PROTEIN-SYNTHESIS INHIBITION INDUCES CYTORESISTANCE IN CULTURED HUMAN PROXIMAL TUBULAR (HK-2) CELLS

After sublethal injury, proximal tubular cells acquire resistance to further attack. This study evaluated whether this could be a possible consequence of decreased protein synthesis, a potential correlate of cell damage. To this end, cultured human proximal tubular cells (HK-2) were subjected to 0-24 h of protein synthesis inhibition (>98%), either by adding protein synthesis inhibitors [cycloheximide (CH) or verrucarin A] or by inducing sublethal ATP depletion (antimycin A + 2-deoxyglucose). After 24 h of these treatments, significant resistance to Ca2+ ionophore/ATP depletion-induced attack was noted (assessed by vital dye exclusion, compared with normal cells). That less than or equal to 6 h of protein synthesis inhibition caused no cytoresistance implied the importance of evolving protein depletion rather than nonspecific drug effects or protein synthesis inhibition per se.
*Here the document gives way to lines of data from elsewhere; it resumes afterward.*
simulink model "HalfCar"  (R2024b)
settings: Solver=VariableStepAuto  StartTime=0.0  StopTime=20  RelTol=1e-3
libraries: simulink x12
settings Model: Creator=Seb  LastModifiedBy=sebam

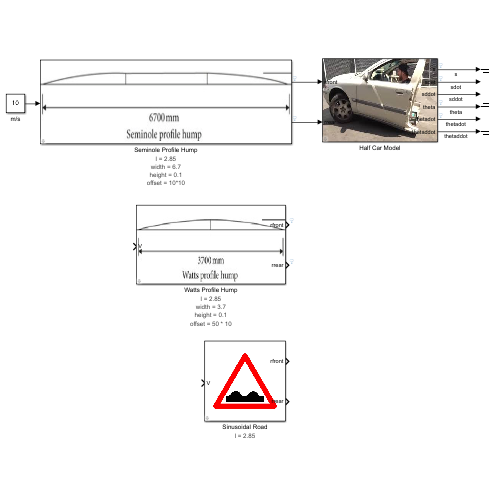
[thumbnail: Simulink's stored preview of the top-level diagram]
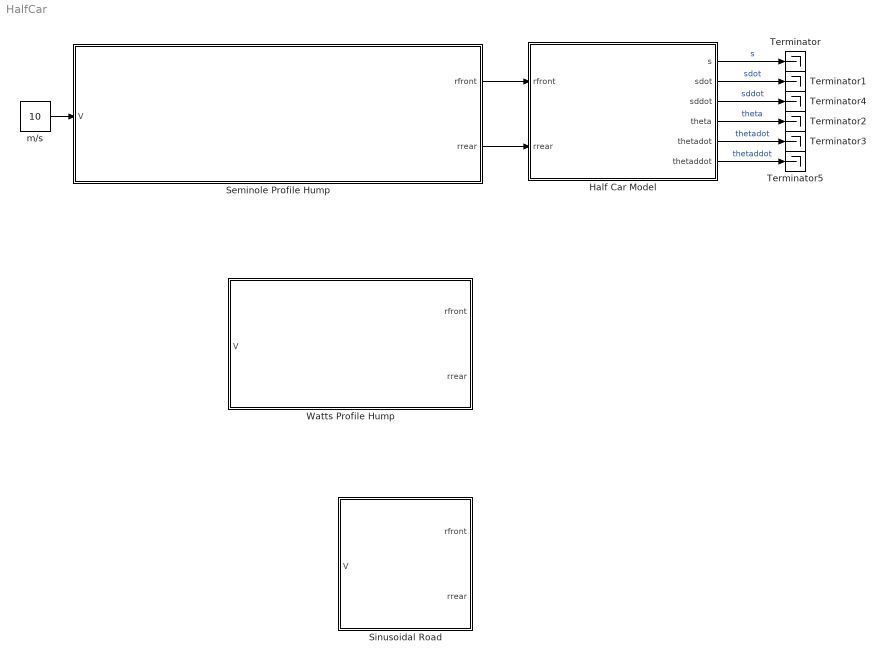
== system HalfCar ==
  Half Car Model : Subsystem
      mask Display: image('car.jpg');
  Seminole Profile Hump : Subsystem  mask{l=2.85, width=6.7, height=0.1, offset=10*10}
      mask prompts: l "Wheelbase (l)"; width "Hump Width (width)"; height "Hump Height (height)"; offset "Hump Offset (offset)"
      settings: AttributesFormatString=|
      | l = %<l>
      | width = %<width>
      | height = %<height>
      | offset = %<offset>
      mask Display: image('seminole.png');
  Sinusoidal Road : Subsystem  mask{l=2.85}
      mask prompts: l "Wheelbase (l)"
      settings: AttributesFormatString=l = %<l>
      mask Display: image('road.jpg');
  Terminator{,1..5} (6 alike) : Terminator
  Watts Profile Hump : Subsystem  mask{l=2.85, width=3.7, height=0.1, offset=50 * 10}
      mask prompts: l "Wheelbase (l)"; width "Hump Width (width)"; height "Hump Height (height)"; offset "Hump Offset (offset)"
      settings: AttributesFormatString=|
      | l = %<l>
      | width = %<width>
      | height = %<height>
      | offset = %<offset>
      mask Display: image('watt.png');
  m/s : Constant  Value=10
  wires:
  Half Car Model/1(s) -> Terminator/1  "s"
  Half Car Model/2(sdot) -> Terminator1/1  "sdot"
  Half Car Model/4(theta) -> Terminator2/1  "theta"
  Half Car Model/5(thetadot) -> Terminator3/1  "thetadot"
  m/s/1 -> Seminole Profile Hump/1(V)
  Seminole Profile Hump/1(rfront) -> Half Car Model/1(rfront)
  Seminole Profile Hump/2(rrear) -> Half Car Model/2(rrear)
  Half Car Model/3(sddot) -> Terminator4/1  "sddot"
  Half Car Model/6(thetaddot) -> Terminator5/1  "thetaddot"

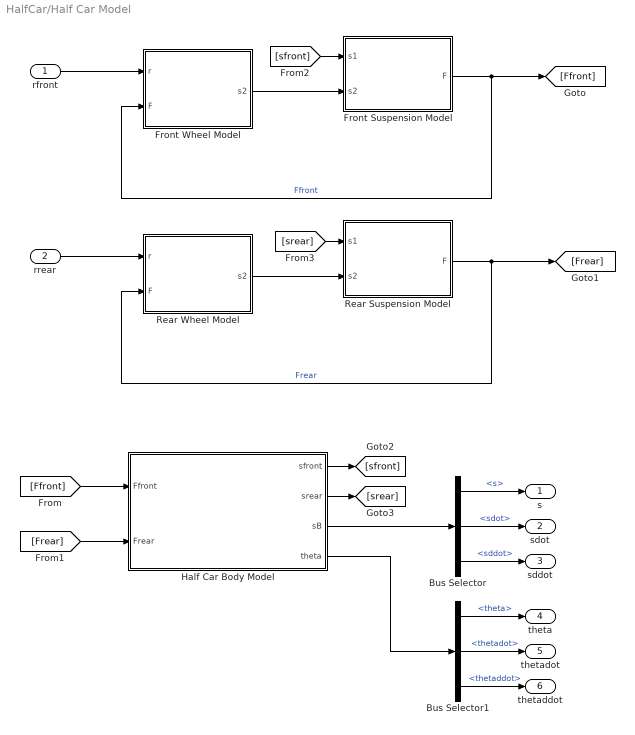
== system HalfCar/Half Car Model ==
  rfront : Inport
  rrear : Inport  Port=2
  Bus Selector : BusSelector  OutputSignals=s,sdot,sddot
  Bus Selector1 : BusSelector  OutputSignals=theta,thetadot,thetaddot
  Front Suspension Model : Subsystem  mask{ks=2e4, k2=20*2e4, x0=0.2, ce=1200, cc=600}
      mask prompts: ks "Spring Stiffness (ks)"; k2 "Spring Hardening Stiffness (k2)"; x0 "Spring Hardening Location (x0)"; ce "Damping Rate Extension (cse)"; cc "Damping Rate Compression (csc)"
      settings: AttributesFormatString=|
      | ks = %<ks>
      | k2 = %<k2>
      | x0 = %<x0>
      | ce = %<ce>
      | cc = %<cc>
      mask Display: fprintf("Suspension\nModel")
  Front Wheel Model : Subsystem  mask{m2=20, g=9.81, kT=14e4}
      mask prompts: m2 "Mass (m2)"; g "Gravity (g)"; kT "Wheel Stiffness (kT)"
      settings: AttributesFormatString=|
      | g = %<g>
      | kT = %<kT>
      | m2 = %<m2>
      mask Display: fprintf("Wheel\nModel")
  Half Car Body Model : Subsystem  mask{mB=700, IB=650, g=9.81, a=1.35, b=1.5}
      mask prompts: mB "Mass (mB)"; IB "Moment of Inertia (IB)"; g "Gravity (g)"; a "Length A (a)"; b "Length B (b)"
      settings: AttributesFormatString=|
      | mB = %<mB>
      | IB = %<IB>
      | g = %<g>
      | a = %<a>
      | b = %<b>
      mask Display: fprintf("Half Car\nBody Model")
  Rear Suspension Model : Subsystem  mask{ks=2e4, k2=20*2e4, x0=0.2, ce=1200, cc=600}
      mask prompts: ks "Spring Stiffness (ks)"; k2 "Spring Hardening Stiffness (k2)"; x0 "Spring Hardening Location (x0)"; ce "Damping Rate Extension (cse)"; cc "Damping Rate Compression (csc)"
      settings: AttributesFormatString=|
      | ks = %<ks>
      | k2 = %<k2>
      | x0 = %<x0>
      | ce = %<ce>
      | cc = %<cc>
      mask Display: fprintf("Suspension\nModel")
  Rear Wheel Model : Subsystem  mask{m2=20, g=9.81, kT=14e4}
      mask prompts: m2 "Mass (m2)"; g "Gravity (g)"; kT "Wheel Stiffness (kT)"
      settings: AttributesFormatString=|
      | g = %<g>
      | kT = %<kT>
      | m2 = %<m2>
      mask Display: fprintf("Wheel\nModel")
  s : Outport
  sdot : Outport  Port=2
  sddot : Outport  Port=3
  theta : Outport  Port=4
  thetadot : Outport  Port=5
  thetaddot : Outport  Port=6
  wires:
  Front Wheel Model/1(s2) -> Front Suspension Model/2(s2)
  Half Car Body Model/3(sB) -> Bus Selector/1
  Front Suspension Model/1(F) -> [Ffront], Front Wheel Model/2(F)  "Ffront"
  Bus Selector/2 -> sdot/1  "<sdot>"
  Half Car Body Model/4(theta) -> Bus Selector1/1
  Bus Selector1/1 -> theta/1  "<theta>"
  rfront/1 -> Front Wheel Model/1(r)
  Bus Selector1/2 -> thetadot/1  "<thetadot>"
  rrear/1 -> Rear Wheel Model/1(r)
  Bus Selector/1 -> s/1  "<s>"
  Rear Suspension Model/1(F) -> [Frear], Rear Wheel Model/2(F)  "Frear"
  Rear Wheel Model/1(s2) -> Rear Suspension Model/2(s2)
  [Ffront] -> Half Car Body Model/1(Ffront)
  [Frear] -> Half Car Body Model/2(Frear)
  Half Car Body Model/1(sfront) -> [sfront]
  Half Car Body Model/2(srear) -> [srear]
  [sfront] -> Front Suspension Model/1(s1)
  [srear] -> Rear Suspension Model/1(s1)
  Bus Selector/3 -> sddot/1  "<sddot>"
  Bus Selector1/3 -> thetaddot/1  "<thetaddot>"

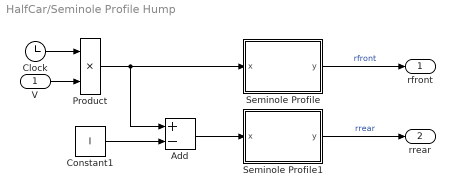
== system HalfCar/Seminole Profile Hump ==
  V : Inport
  Add : Sum  Inputs=+-
  Clock : Clock
  Constant1 : Constant  Value=l
  Product : Product
  Seminole Profile : Subsystem
  Seminole Profile1 : Subsystem
  rfront : Outport
  rrear : Outport  Port=2
  wires:
  V/1 -> Product/2
  Seminole Profile1/1(y) -> rrear/1  "rrear"
  Constant1/1 -> Add/2
  Product/1 -> Seminole Profile/1(x), Add/1
  Add/1 -> Seminole Profile1/1(x)
  Seminole Profile/1(y) -> rfront/1  "rfront"
  Clock/1 -> Product/1

== system HalfCar/Sinusoidal Road ==
  V : Inport
  Add : Sum  Inputs=+-
  Clock : Clock
  Constant1 : Constant  Value=l
  Product : Product
  Sine Wave Function : Sin  TimeSource=Use external signal  Amplitude=0.01  Frequency=2*pi  SampleTime=0
      settings: AttributesFormatString=|
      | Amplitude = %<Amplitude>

CH plus ATP depletion did not induce additive benefits, suggesting a common mechanism. Cytoresistance was dissociated from the extent of free Ca2+ loading and ATP depletion but was associated with a decrease in membrane deacylation. CH removal promptly restored protein synthesis and cytoresistance was lost; conversely, ATP recovery did not restore protein synthesis and cytoresistance persisted. The emergence of cytoresistance correlated with the disappearance/dephosphorylation of an unidentified 130-kDa tyrosine-phosphorylated protein/protein complex (denoted pp-130). The functional significance of this change was suggested by the fact that tyrosine phosphatase inhibition with orthovanadate maintained pp-130 expression and prevented the cytoresistant state. We conclude that protein synthesis inhibition in HK-2 cells can induce a cytoresistant state. Suppression in phospholipase activity and altered tyrosine phosphorylation events may have functional significance in this regard.